Data items:

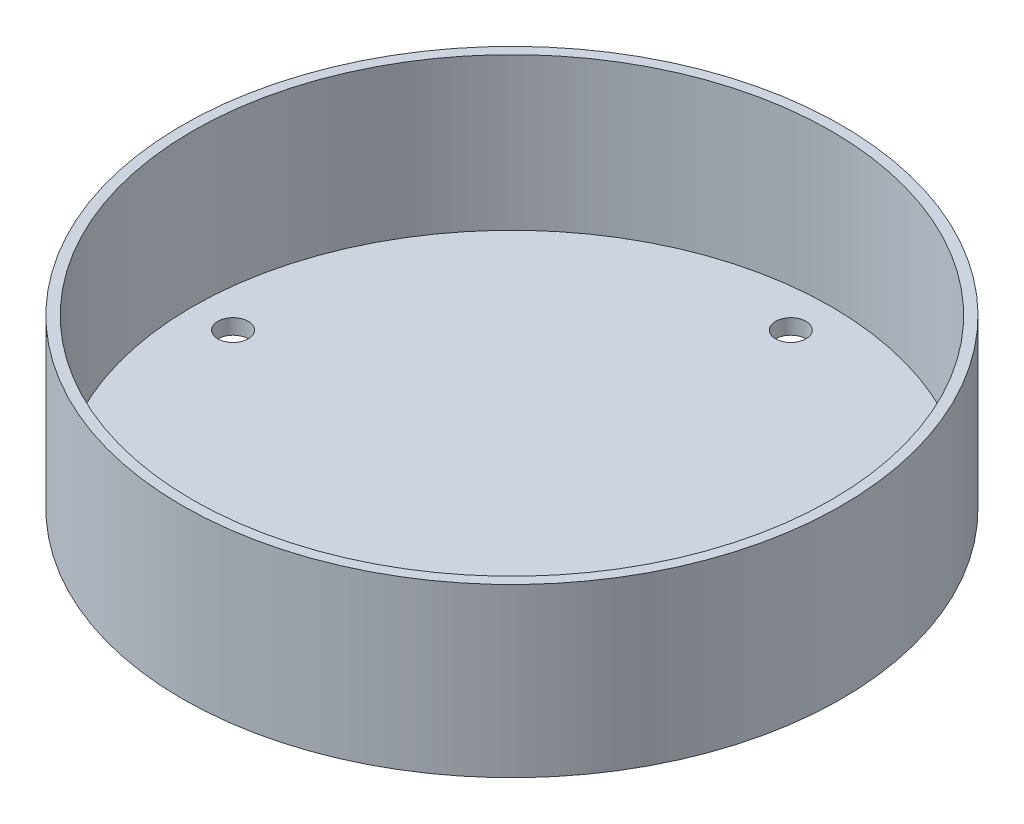
SolidWorks part; units mm, degrees
ref_plane "Front Plane" through (0, 0, 0) normal (0, 0, 1) x (1, 0, 0)
ref_plane "Top Plane" through (0, 0, 0) normal (0, 1, 0) x (1, 0, 0)
ref_plane "Right Plane" through (0, 0, 0) normal (1, 0, 0) x (0, 0, -1)
sketch "Sketch1" plane through (0, 0, 0) normal (0, 1, 0) x (1, 0, 0)
  circle A0 centre (0, 0) radius 65
  dimension "160" = 130
extrude "Boss-Extrude1" add sketch "Sketch1" along normal blind 3
sketch "Sketch2" plane through (0, 3, 0) normal (0, 1, 0) x (1, 0, 0)
  circle A0 centre (0, 0) radius 55 construction
  circle A1 centre (0, 55) radius 3
  dimension "D1" = 110
  dimension "D2" = 6
extrude "Cut-Extrude1" cut sketch "Sketch2" against normal through all
pattern_circular "CirPattern1" count 4 over 360 about axis through (0, 0, 0) along (0, 1, 0) of "Cut-Extrude1"
sketch "Sketch3" plane through (0, 3, 0) normal (0, 1, 0) x (1, 0, 0)
  circle A0 centre (0, 0) radius 65
  circle A1 centre (0, 0) radius 63
  dimension "D1" = 130
  dimension "D2" = 126
extrude "Boss-Extrude2" add sketch "Sketch3" along normal blind 30
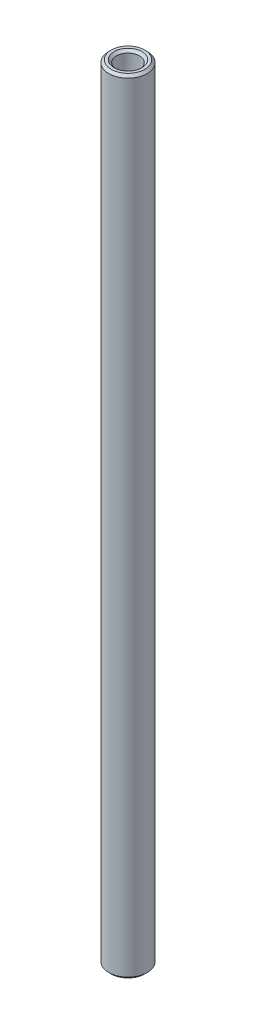
SolidWorks part; units mm, degrees
ref_plane "Front Plane" through (0, 0, 0) normal (0, 0, 1) x (1, 0, 0)
ref_plane "Top Plane" through (0, 0, 0) normal (0, 1, 0) x (1, 0, 0)
ref_plane "Right Plane" through (0, 0, 0) normal (1, 0, 0) x (0, 0, -1)
sketch "Sketch1" plane through (0, 0, 0) normal (0, 1, 0) x (1, 0, 0)
  circle A0 centre (0, 0) radius 1.9844
  circle A1 centre (0, 0) radius 1.1906
  dimension "D1" = 3.9688
  dimension "D2" = 0.7937
extrude "Boss-Extrude1" add sketch "Sketch1" along normal mid plane 80.9625
chamfer "Chamfer1" distance 0.254 angle 45 4 edges at (0, -40.4812, 1.1906) (0, -40.4812, 1.9844) (0, 40.4812, 1.1906) (0, 40.4812, 1.9844)

## Instructions to follow
Each line above should be written out again exactly, without any image.

## Task result
SolidWorks part; units mm, degrees
ref_plane "Front Plane" through (0, 0, 0) normal (0, 0, 1) x (1, 0, 0)
ref_plane "Top Plane" through (0, 0, 0) normal (0, 1, 0) x (1, 0, 0)
ref_plane "Right Plane" through (0, 0, 0) normal (1, 0, 0) x (0, 0, -1)
sketch "Sketch1" plane through (0, 0, 0) normal (0, 1, 0) x (1, 0, 0)
  circle A0 centre (0, 0) radius 65
  dimension "160" = 130
extrude "Boss-Extrude1" add sketch "Sketch1" along normal blind 3
sketch "Sketch2" plane through (0, 3, 0) normal (0, 1, 0) x (1, 0, 0)
  circle A0 centre (0, 0) radius 55 construction
  circle A1 centre (0, 55) radius 3
  dimension "D1" = 110
  dimension "D2" = 6
extrude "Cut-Extrude1" cut sketch "Sketch2" against normal through all
pattern_circular "CirPattern1" count 4 over 360 about axis through (0, 0, 0) along (0, 1, 0) of "Cut-Extrude1"
sketch "Sketch3" plane through (0, 3, 0) normal (0, 1, 0) x (1, 0, 0)
  circle A0 centre (0, 0) radius 65
  circle A1 centre (0, 0) radius 63
  dimension "D1" = 130
  dimension "D2" = 126
extrude "Boss-Extrude2" add sketch "Sketch3" along normal blind 30
SolidWorks part; units mm, degrees
ref_plane "Front Plane" through (0, 0, 0) normal (0, 0, 1) x (1, 0, 0)
ref_plane "Top Plane" through (0, 0, 0) normal (0, 1, 0) x (1, 0, 0)
ref_plane "Right Plane" through (0, 0, 0) normal (1, 0, 0) x (0, 0, -1)
sketch "Sketch1" plane through (0, 0, 0) normal (0, 1, 0) x (1, 0, 0)
  circle A0 centre (0, 0) radius 1.9844
  circle A1 centre (0, 0) radius 1.1906
  dimension "D1" = 3.9688
  dimension "D2" = 0.7937
extrude "Boss-Extrude1" add sketch "Sketch1" along normal mid plane 80.9625
chamfer "Chamfer1" distance 0.254 angle 45 4 edges at (0, -40.4812, 1.1906) (0, -40.4812, 1.9844) (0, 40.4812, 1.1906) (0, 40.4812, 1.9844)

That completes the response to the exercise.